Lots of people online got all unnecessary on Tuesday when a number of sites reported that a print of Tod Browning’s London After Midnight – possibly the most infamous ‘lost’ film of them all – may have been found. The legendary director’s silent horror – which starred silent era icon Lon Chaney – was released by MGM in 1927, but destroyed and lost along with many other films in the studio’s vault fire of 1967.
Word of the possible discovery spread when producer and Love Object director Robert Parigi posted the following on his Facebook page:
“I’m noticing chatter that a 7-reel print of long-lost Tod Browning/Lon Chaney film LONDON AFTER MIDNIGHT has been discovered in Spain! I had long heard rumors of a print in Cuba. Is this perhaps that print, now sent to Spain? 20 years ago, I heard rumors of a print in the U.S., and contacted the supposed owner offering to transfer it to (then state-of-the-art) D1, but when it came time to produce the print he backed out.”
It seemed a little unlikely, it must be said, that such a film could have stayed hidden for so long, not to mention the fact that rumours of a newly-discovered print have risen numerous times before. Such things do happen however; an almost-complete original cut of Fritz Lang’s Metropolis was unearthed in Buenos Aires in 2008, and the thought-lost hand-painted colour version of Georges Méliès’ A Trip to the Moon was found in Barcelona in 1993 and restored in 2011.

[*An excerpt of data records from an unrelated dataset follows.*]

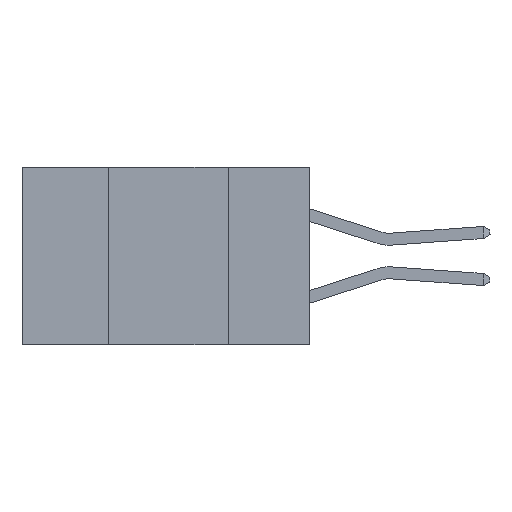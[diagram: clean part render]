
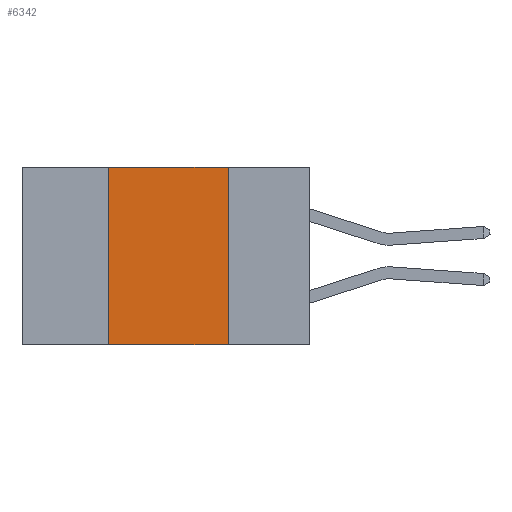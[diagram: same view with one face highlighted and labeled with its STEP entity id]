
A CAD part, left-side view. The second image highlights one B-rep face of the part: STEP entity #6342.
In plain terms, the highlighted planar face has unit normal (-1, 0, 0).
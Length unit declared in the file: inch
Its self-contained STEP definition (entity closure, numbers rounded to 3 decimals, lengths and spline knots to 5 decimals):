
#277 = ORIENTED_EDGE ( 'NONE', *, *, #2998, .F. ) ;
#341 = DIRECTION ( 'NONE',  ( 1., 0., 0. ) ) ;
#604 = VERTEX_POINT ( 'NONE', #11616 ) ;
#1469 = VERTEX_POINT ( 'NONE', #13680 ) ;
#1941 = DIRECTION ( 'NONE',  ( 0., -1., 0. ) ) ;
#2877 = PLANE ( 'NONE',  #27627 ) ;
#2998 = EDGE_CURVE ( 'NONE', #25318, #3824, #7626, .T. ) ;
#3444 = EDGE_CURVE ( 'NONE', #1469, #604, #7596, .T. ) ;
#3824 = VERTEX_POINT ( 'NONE', #28036 ) ;
#5643 = EDGE_CURVE ( 'NONE', #25318, #604, #21159, .T. ) ;
#6342 = ADVANCED_FACE ( 'NONE', ( #32801 ), #2877, .F. ) ;
#7173 = ORIENTED_EDGE ( 'NONE', *, *, #5643, .T. ) ;
#7596 = LINE ( 'NONE', #30803, #13618 ) ;
#7626 = LINE ( 'NONE', #14263, #20555 ) ;
#8880 = VECTOR ( 'NONE', #30633, 39.37008 ) ;
#11616 = CARTESIAN_POINT ( 'NONE',  ( 0., 0.17, -0.37 ) ) ;
#12854 = CARTESIAN_POINT ( 'NONE',  ( 0., 0.6, -0.37 ) ) ;
#13618 = VECTOR ( 'NONE', #20253, 39.37008 ) ;
#13680 = CARTESIAN_POINT ( 'NONE',  ( 0., 0.17, 0. ) ) ;
#13847 = EDGE_LOOP ( 'NONE', ( #23770, #30634, #277, #7173 ) ) ;
#14263 = CARTESIAN_POINT ( 'NONE',  ( 0., 0.42, 0. ) ) ;
#15146 = CARTESIAN_POINT ( 'NONE',  ( 0., 0.6, 0. ) ) ;
#15704 = DIRECTION ( 'NONE',  ( 0., 0., 1. ) ) ;
#16962 = DIRECTION ( 'NONE',  ( 0., 0., -1. ) ) ;
#20253 = DIRECTION ( 'NONE',  ( 0., 0., -1. ) ) ;
#20355 = VECTOR ( 'NONE', #1941, 39.37008 ) ;
#20555 = VECTOR ( 'NONE', #15704, 39.37008 ) ;
#21159 = LINE ( 'NONE', #12854, #20355 ) ;
#21957 = EDGE_CURVE ( 'NONE', #3824, #1469, #28690, .T. ) ;
#23770 = ORIENTED_EDGE ( 'NONE', *, *, #3444, .F. ) ;
#25318 = VERTEX_POINT ( 'NONE', #31398 ) ;
#27627 = AXIS2_PLACEMENT_3D ( 'NONE', #30104, #341, #16962 ) ;
#28036 = CARTESIAN_POINT ( 'NONE',  ( 0., 0.42, 0. ) ) ;
#28690 = LINE ( 'NONE', #15146, #8880 ) ;
#30104 = CARTESIAN_POINT ( 'NONE',  ( 0., 0.6, 0. ) ) ;
#30633 = DIRECTION ( 'NONE',  ( 0., -1., 0. ) ) ;
#30634 = ORIENTED_EDGE ( 'NONE', *, *, #21957, .F. ) ;
#30803 = CARTESIAN_POINT ( 'NONE',  ( 0., 0.17, 0. ) ) ;
#31398 = CARTESIAN_POINT ( 'NONE',  ( 0., 0.42, -0.37 ) ) ;
#32801 = FACE_OUTER_BOUND ( 'NONE', #13847, .T. ) ;

Alas however, this is not one of those times. Just hours after the story broke, Parigi updated his post with:
“This just in, via pm from [actor] Micah Carey: “No print of ‘London After Midnight’ has been found. We did find some frames from the film that may have been cut out of a vintage trailer!”
A few frames… the seeds from which a rumour grows!
“Sorry this turned out to be another false alarm. My inner monster-kid was too eager to wait for confirmation before posting.”
Carey gave more info, saying: “A film archive in The Canary Islands received what look to be nitrate frames from London After Midnight around 1995. They got these from a private collector.
In 2012, the archive opened a Flickr account and posted this image among others it was posted for about five years and nobody seemed to notice it until last month.
Then this image was posted shortly thereafter… These were both posted on the Facebook page Universal Monsters & More. I’ve contacted them and they have said they have more stills and that they will share them with us.
The school of thought seems to be that these were cut out of trailers for London After Midnight by a projectionist in the Canary Islands. But nobody is sure.”
Below are the frames to which Carey refers. London After Midnight remains lost, and only the most optimistic among us would hold out hope of that changing anytime soon.